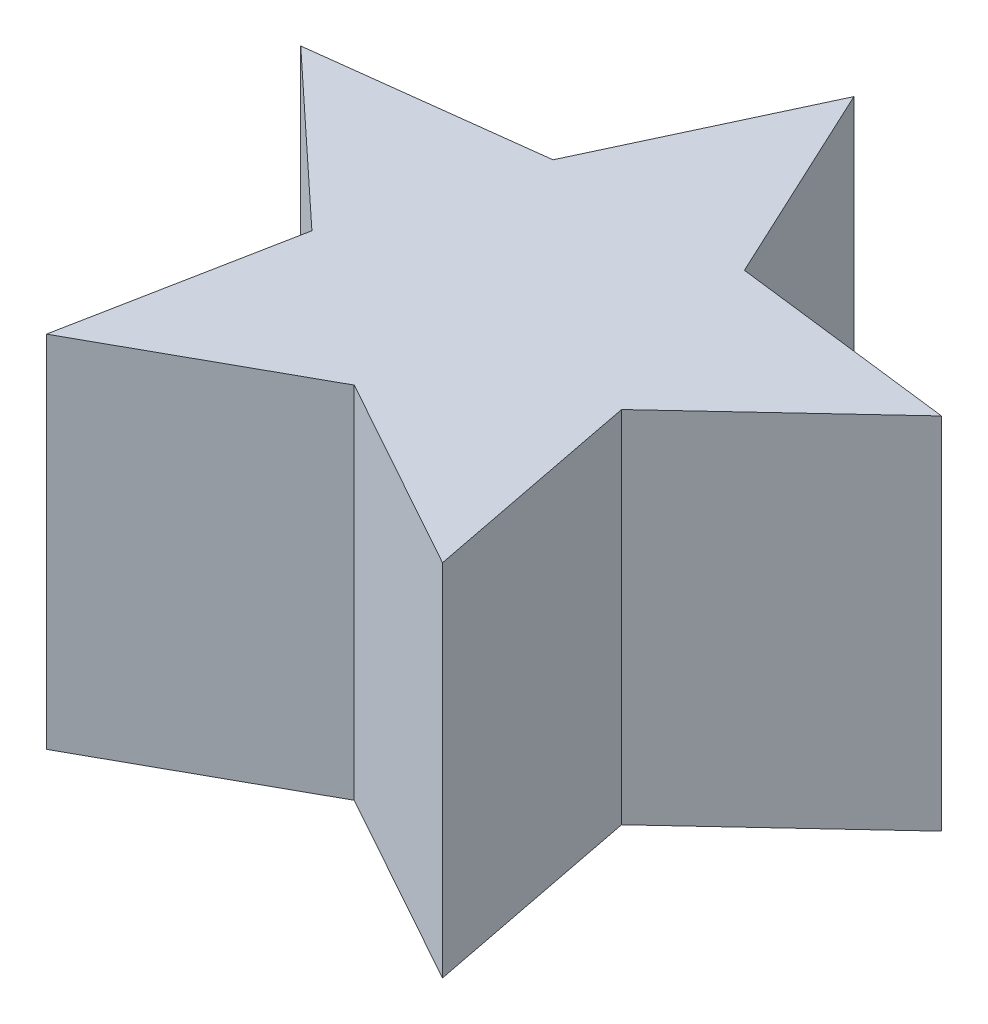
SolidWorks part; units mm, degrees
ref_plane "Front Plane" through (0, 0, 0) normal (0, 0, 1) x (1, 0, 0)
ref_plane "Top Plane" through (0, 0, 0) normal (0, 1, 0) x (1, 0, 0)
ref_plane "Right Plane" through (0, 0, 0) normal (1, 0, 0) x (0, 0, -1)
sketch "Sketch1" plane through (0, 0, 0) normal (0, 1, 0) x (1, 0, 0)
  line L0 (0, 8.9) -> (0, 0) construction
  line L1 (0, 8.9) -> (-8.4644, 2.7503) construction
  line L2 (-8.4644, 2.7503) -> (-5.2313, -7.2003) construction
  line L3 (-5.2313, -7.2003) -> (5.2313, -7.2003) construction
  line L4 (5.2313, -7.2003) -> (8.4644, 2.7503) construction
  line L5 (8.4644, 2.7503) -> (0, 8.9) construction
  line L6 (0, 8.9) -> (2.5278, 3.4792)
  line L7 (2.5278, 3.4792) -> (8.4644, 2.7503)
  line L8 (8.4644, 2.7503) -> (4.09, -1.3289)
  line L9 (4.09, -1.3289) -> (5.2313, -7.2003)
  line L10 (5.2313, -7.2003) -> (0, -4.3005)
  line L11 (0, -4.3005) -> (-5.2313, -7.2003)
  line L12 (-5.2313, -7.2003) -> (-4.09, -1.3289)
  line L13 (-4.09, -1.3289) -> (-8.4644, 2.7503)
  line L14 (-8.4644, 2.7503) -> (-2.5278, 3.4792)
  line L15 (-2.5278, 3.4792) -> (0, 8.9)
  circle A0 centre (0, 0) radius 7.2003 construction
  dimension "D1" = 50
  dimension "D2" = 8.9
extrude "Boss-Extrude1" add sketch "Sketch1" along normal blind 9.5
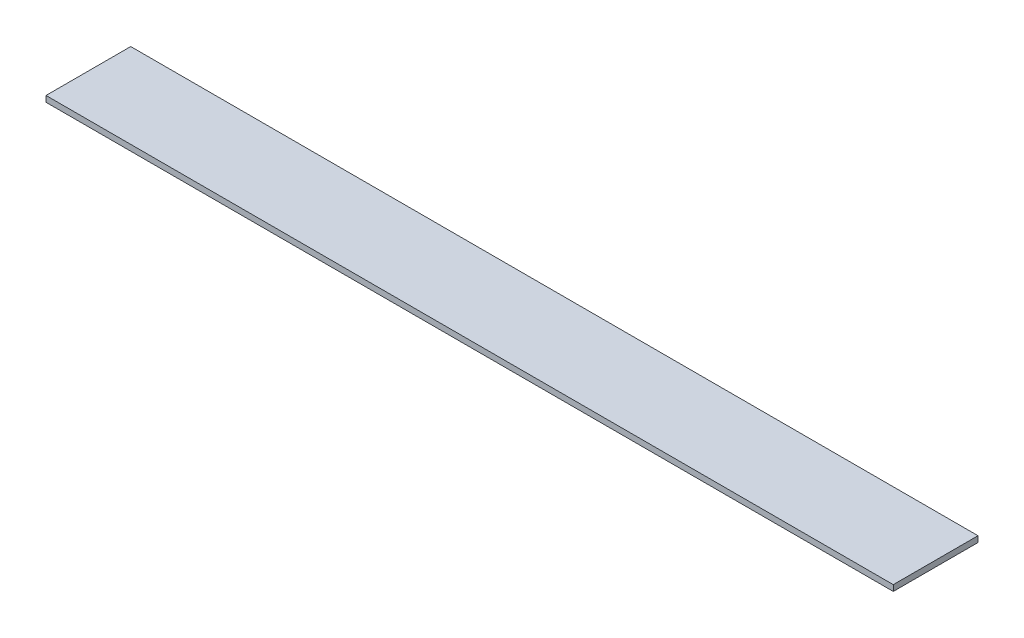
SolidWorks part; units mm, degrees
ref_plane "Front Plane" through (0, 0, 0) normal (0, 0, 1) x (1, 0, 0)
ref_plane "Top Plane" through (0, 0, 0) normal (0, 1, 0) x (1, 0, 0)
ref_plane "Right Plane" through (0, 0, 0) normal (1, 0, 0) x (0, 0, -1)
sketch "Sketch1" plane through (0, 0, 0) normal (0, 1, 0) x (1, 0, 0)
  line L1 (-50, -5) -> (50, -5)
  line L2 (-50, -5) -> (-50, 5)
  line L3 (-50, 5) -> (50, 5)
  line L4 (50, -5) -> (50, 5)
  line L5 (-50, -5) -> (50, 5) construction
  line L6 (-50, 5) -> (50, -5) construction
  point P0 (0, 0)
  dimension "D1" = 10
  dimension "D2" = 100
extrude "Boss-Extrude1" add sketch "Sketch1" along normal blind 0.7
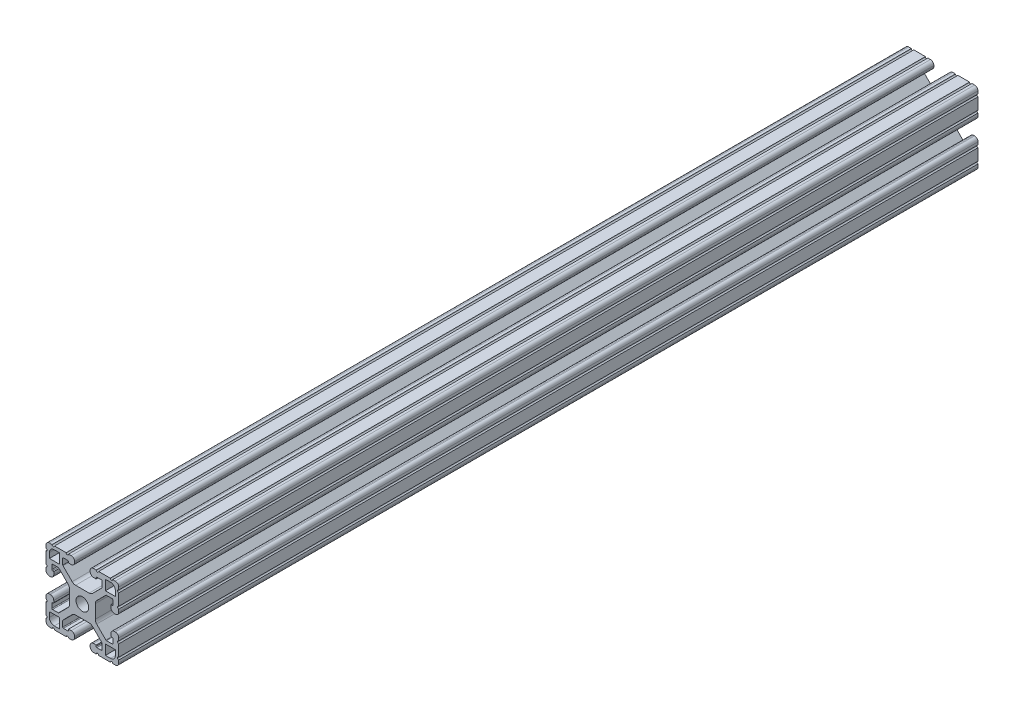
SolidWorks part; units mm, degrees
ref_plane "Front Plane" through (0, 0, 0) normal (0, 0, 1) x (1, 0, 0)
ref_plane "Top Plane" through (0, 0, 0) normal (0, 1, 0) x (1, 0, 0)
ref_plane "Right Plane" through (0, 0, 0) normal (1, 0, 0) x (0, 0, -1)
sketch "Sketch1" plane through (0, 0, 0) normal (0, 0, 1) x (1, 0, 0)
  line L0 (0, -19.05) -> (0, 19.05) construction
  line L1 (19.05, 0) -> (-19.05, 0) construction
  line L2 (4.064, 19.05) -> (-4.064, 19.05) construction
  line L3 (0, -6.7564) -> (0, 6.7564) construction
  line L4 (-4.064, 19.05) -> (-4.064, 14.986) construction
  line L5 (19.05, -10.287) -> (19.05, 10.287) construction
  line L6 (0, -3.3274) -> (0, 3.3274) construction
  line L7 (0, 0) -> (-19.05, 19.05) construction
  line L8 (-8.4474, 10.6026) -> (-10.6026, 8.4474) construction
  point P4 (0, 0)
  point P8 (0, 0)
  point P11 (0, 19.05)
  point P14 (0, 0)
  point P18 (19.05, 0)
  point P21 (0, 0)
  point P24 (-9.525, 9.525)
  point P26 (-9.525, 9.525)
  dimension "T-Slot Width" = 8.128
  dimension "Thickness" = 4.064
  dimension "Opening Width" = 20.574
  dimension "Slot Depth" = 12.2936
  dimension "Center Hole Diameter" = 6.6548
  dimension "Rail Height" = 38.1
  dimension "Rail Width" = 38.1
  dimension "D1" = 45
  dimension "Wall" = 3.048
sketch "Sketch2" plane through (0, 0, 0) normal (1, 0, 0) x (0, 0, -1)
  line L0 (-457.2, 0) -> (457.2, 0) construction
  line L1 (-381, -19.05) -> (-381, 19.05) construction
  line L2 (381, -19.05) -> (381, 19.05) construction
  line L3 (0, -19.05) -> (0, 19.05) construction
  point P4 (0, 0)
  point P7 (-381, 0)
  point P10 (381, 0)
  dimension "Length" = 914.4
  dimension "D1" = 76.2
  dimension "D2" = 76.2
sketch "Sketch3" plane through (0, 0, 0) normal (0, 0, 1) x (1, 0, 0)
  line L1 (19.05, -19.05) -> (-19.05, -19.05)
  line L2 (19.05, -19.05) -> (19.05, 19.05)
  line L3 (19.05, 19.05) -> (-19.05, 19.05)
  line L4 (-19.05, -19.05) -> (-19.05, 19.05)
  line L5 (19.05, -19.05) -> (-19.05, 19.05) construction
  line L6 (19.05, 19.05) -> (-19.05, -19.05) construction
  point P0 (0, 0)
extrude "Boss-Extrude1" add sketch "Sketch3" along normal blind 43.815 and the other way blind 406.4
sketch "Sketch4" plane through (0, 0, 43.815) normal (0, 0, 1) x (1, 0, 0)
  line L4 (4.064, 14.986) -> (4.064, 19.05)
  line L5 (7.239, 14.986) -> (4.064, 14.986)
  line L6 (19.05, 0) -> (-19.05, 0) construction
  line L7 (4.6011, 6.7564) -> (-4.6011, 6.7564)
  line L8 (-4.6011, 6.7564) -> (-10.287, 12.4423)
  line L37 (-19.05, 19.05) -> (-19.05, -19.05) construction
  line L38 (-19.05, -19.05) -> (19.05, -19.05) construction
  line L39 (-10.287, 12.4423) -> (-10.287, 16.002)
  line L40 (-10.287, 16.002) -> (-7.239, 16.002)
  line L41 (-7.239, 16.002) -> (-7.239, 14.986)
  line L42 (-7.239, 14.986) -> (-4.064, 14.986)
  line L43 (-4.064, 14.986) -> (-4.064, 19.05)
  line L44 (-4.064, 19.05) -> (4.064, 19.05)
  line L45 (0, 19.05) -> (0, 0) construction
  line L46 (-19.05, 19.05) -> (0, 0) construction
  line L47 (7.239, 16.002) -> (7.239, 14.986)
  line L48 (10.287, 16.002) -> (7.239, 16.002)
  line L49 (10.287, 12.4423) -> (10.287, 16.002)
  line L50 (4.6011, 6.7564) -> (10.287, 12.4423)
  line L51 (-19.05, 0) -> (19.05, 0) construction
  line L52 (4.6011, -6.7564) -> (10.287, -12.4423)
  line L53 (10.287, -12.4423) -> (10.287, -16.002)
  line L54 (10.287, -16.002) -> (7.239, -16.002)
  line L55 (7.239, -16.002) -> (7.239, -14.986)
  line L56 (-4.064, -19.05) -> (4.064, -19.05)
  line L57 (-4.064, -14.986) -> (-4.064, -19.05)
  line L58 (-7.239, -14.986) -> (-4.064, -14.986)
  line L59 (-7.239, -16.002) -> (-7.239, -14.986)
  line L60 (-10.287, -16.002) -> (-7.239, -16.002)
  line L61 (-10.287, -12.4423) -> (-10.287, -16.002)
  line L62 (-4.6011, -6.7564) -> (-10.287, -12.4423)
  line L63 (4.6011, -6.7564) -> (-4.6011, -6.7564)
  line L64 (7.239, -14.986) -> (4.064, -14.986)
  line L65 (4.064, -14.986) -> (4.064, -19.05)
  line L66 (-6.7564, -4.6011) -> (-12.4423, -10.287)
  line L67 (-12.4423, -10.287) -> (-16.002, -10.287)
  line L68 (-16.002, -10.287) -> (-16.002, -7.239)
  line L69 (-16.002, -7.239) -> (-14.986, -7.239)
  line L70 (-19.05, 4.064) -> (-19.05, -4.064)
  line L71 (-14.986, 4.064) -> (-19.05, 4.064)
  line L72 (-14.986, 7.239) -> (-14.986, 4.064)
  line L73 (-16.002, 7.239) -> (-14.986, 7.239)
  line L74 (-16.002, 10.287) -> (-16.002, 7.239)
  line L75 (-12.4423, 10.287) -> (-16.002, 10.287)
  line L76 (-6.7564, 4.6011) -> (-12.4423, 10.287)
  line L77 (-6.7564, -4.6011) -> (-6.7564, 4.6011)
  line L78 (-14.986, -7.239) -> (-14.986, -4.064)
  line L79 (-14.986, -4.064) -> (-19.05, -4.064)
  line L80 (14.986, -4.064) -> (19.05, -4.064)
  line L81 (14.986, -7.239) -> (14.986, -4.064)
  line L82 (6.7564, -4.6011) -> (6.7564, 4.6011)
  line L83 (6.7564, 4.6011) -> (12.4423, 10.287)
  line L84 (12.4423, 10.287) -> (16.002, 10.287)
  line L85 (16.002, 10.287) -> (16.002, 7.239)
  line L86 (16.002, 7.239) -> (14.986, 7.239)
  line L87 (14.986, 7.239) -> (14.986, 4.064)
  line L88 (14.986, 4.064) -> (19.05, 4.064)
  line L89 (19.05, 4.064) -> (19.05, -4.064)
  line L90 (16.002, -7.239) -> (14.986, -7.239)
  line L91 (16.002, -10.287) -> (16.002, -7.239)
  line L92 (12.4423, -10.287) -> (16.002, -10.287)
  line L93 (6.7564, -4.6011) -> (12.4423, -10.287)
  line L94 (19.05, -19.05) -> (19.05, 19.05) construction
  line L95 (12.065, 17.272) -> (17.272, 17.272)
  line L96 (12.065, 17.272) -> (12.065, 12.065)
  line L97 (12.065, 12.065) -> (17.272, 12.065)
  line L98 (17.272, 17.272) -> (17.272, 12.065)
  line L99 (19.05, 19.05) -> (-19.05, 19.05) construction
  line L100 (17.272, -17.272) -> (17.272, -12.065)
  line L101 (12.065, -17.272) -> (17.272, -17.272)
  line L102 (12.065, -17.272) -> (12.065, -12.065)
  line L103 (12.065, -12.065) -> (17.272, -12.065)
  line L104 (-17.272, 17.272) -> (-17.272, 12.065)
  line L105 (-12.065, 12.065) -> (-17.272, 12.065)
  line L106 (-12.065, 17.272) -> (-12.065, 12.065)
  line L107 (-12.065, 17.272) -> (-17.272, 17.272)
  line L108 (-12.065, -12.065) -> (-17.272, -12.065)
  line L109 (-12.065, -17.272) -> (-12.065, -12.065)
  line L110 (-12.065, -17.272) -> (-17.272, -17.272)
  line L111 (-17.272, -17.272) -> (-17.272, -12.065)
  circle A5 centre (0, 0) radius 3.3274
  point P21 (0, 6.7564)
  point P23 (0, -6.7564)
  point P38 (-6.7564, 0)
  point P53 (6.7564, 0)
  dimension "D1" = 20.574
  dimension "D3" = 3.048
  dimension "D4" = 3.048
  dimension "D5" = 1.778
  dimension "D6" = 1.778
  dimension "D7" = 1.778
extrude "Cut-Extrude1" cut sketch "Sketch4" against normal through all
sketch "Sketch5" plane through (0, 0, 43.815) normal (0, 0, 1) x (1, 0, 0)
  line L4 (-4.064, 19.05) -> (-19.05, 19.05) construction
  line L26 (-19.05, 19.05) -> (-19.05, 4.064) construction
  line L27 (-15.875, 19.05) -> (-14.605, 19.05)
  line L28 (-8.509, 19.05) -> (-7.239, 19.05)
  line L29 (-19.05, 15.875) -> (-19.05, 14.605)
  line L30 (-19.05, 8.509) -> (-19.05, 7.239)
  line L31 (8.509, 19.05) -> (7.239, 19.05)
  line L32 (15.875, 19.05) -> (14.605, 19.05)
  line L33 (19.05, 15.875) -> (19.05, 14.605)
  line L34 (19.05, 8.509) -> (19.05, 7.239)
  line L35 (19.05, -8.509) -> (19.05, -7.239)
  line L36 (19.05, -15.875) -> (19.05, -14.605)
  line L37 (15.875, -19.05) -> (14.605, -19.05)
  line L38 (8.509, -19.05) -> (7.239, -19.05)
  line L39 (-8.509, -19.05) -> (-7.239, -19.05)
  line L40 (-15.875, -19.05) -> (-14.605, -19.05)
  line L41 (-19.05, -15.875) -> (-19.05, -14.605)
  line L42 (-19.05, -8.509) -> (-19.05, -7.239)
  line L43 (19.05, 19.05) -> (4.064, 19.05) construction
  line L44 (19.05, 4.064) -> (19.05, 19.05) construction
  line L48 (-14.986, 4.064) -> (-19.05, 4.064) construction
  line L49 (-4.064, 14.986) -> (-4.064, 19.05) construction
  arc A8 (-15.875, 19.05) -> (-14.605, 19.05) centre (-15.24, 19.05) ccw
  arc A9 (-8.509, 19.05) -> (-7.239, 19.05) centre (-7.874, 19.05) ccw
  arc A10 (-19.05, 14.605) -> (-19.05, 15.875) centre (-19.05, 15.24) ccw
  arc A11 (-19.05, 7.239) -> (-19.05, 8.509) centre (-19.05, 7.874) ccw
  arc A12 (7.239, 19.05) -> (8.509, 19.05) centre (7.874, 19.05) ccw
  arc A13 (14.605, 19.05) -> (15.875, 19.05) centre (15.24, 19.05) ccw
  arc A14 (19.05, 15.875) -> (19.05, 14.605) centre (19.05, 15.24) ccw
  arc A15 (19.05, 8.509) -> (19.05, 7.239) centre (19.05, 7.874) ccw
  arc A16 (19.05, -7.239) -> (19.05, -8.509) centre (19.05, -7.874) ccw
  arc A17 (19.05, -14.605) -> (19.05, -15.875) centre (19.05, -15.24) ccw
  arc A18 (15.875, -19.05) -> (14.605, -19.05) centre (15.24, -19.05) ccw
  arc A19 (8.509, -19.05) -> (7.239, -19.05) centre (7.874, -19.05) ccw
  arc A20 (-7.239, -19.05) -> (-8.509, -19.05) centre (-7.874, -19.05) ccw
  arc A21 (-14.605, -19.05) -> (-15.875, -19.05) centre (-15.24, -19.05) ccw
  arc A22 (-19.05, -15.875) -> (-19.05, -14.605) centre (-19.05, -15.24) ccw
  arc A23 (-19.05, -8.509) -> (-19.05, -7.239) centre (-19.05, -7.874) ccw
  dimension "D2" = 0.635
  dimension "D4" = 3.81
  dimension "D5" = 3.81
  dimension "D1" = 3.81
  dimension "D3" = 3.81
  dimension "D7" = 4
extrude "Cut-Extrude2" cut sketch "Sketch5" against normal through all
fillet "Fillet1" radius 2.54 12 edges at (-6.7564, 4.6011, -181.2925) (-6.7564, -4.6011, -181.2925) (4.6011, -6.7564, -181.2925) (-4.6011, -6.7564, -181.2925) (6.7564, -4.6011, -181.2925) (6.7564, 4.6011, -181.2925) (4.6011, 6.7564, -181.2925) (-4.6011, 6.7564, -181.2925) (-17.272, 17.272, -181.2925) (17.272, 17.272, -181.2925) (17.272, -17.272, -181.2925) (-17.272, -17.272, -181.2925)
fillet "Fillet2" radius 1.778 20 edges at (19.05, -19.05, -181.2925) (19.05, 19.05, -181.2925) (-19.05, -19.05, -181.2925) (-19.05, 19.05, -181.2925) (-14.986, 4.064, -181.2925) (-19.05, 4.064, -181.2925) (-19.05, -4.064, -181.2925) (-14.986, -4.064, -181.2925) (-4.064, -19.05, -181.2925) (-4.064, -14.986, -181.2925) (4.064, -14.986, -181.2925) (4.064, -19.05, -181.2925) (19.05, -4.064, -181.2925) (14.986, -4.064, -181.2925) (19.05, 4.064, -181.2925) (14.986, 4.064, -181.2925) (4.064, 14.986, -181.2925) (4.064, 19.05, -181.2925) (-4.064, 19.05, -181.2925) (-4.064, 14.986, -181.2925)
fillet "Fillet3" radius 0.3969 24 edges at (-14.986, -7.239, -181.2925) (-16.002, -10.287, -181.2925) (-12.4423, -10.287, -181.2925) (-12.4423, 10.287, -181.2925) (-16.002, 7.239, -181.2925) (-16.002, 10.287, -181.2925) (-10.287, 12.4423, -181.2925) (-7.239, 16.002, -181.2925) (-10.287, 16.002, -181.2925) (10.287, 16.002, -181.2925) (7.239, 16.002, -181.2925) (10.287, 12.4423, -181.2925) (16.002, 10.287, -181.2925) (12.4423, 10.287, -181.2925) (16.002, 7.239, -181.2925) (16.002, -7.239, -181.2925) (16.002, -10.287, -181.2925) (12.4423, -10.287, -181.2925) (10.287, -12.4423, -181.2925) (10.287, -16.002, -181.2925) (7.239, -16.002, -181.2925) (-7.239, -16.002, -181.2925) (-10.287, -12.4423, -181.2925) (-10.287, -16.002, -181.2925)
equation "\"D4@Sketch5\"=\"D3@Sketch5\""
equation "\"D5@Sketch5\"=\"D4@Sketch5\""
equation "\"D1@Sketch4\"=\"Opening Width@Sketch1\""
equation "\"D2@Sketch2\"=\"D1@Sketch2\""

> [EXERCISE AIM]:
An exact transcription is needed of the lines from the one with "line L1 (0, 8.9)" to the one with "line L0 (0, -19.05)" above, both ends included, with pictures left out.

> [RESULT OF THE TASK]:
  line L1 (0, 8.9) -> (-8.4644, 2.7503) construction
  line L2 (-8.4644, 2.7503) -> (-5.2313, -7.2003) construction
  line L3 (-5.2313, -7.2003) -> (5.2313, -7.2003) construction
  line L4 (5.2313, -7.2003) -> (8.4644, 2.7503) construction
  line L5 (8.4644, 2.7503) -> (0, 8.9) construction
  line L6 (0, 8.9) -> (2.5278, 3.4792)
  line L7 (2.5278, 3.4792) -> (8.4644, 2.7503)
  line L8 (8.4644, 2.7503) -> (4.09, -1.3289)
  line L9 (4.09, -1.3289) -> (5.2313, -7.2003)
  line L10 (5.2313, -7.2003) -> (0, -4.3005)
  line L11 (0, -4.3005) -> (-5.2313, -7.2003)
  line L12 (-5.2313, -7.2003) -> (-4.09, -1.3289)
  line L13 (-4.09, -1.3289) -> (-8.4644, 2.7503)
  line L14 (-8.4644, 2.7503) -> (-2.5278, 3.4792)
  line L15 (-2.5278, 3.4792) -> (0, 8.9)
  circle A0 centre (0, 0) radius 7.2003 construction
  dimension "D1" = 50
  dimension "D2" = 8.9
extrude "Boss-Extrude1" add sketch "Sketch1" along normal blind 9.5
SolidWorks part; units mm, degrees
ref_plane "Front Plane" through (0, 0, 0) normal (0, 0, 1) x (1, 0, 0)
ref_plane "Top Plane" through (0, 0, 0) normal (0, 1, 0) x (1, 0, 0)
ref_plane "Right Plane" through (0, 0, 0) normal (1, 0, 0) x (0, 0, -1)
sketch "Sketch1" plane through (0, 0, 0) normal (0, 1, 0) x (1, 0, 0)
  line L1 (-50, -5) -> (50, -5)
  line L2 (-50, -5) -> (-50, 5)
  line L3 (-50, 5) -> (50, 5)
  line L4 (50, -5) -> (50, 5)
  line L5 (-50, -5) -> (50, 5) construction
  line L6 (-50, 5) -> (50, -5) construction
  point P0 (0, 0)
  dimension "D1" = 10
  dimension "D2" = 100
extrude "Boss-Extrude1" add sketch "Sketch1" along normal blind 0.7
SolidWorks part; units mm, degrees
ref_plane "Front Plane" through (0, 0, 0) normal (0, 0, 1) x (1, 0, 0)
ref_plane "Top Plane" through (0, 0, 0) normal (0, 1, 0) x (1, 0, 0)
ref_plane "Right Plane" through (0, 0, 0) normal (1, 0, 0) x (0, 0, -1)
sketch "Sketch1" plane through (0, 0, 0) normal (0, 0, 1) x (1, 0, 0)
  line L0 (0, -19.05) -> (0, 19.05) construction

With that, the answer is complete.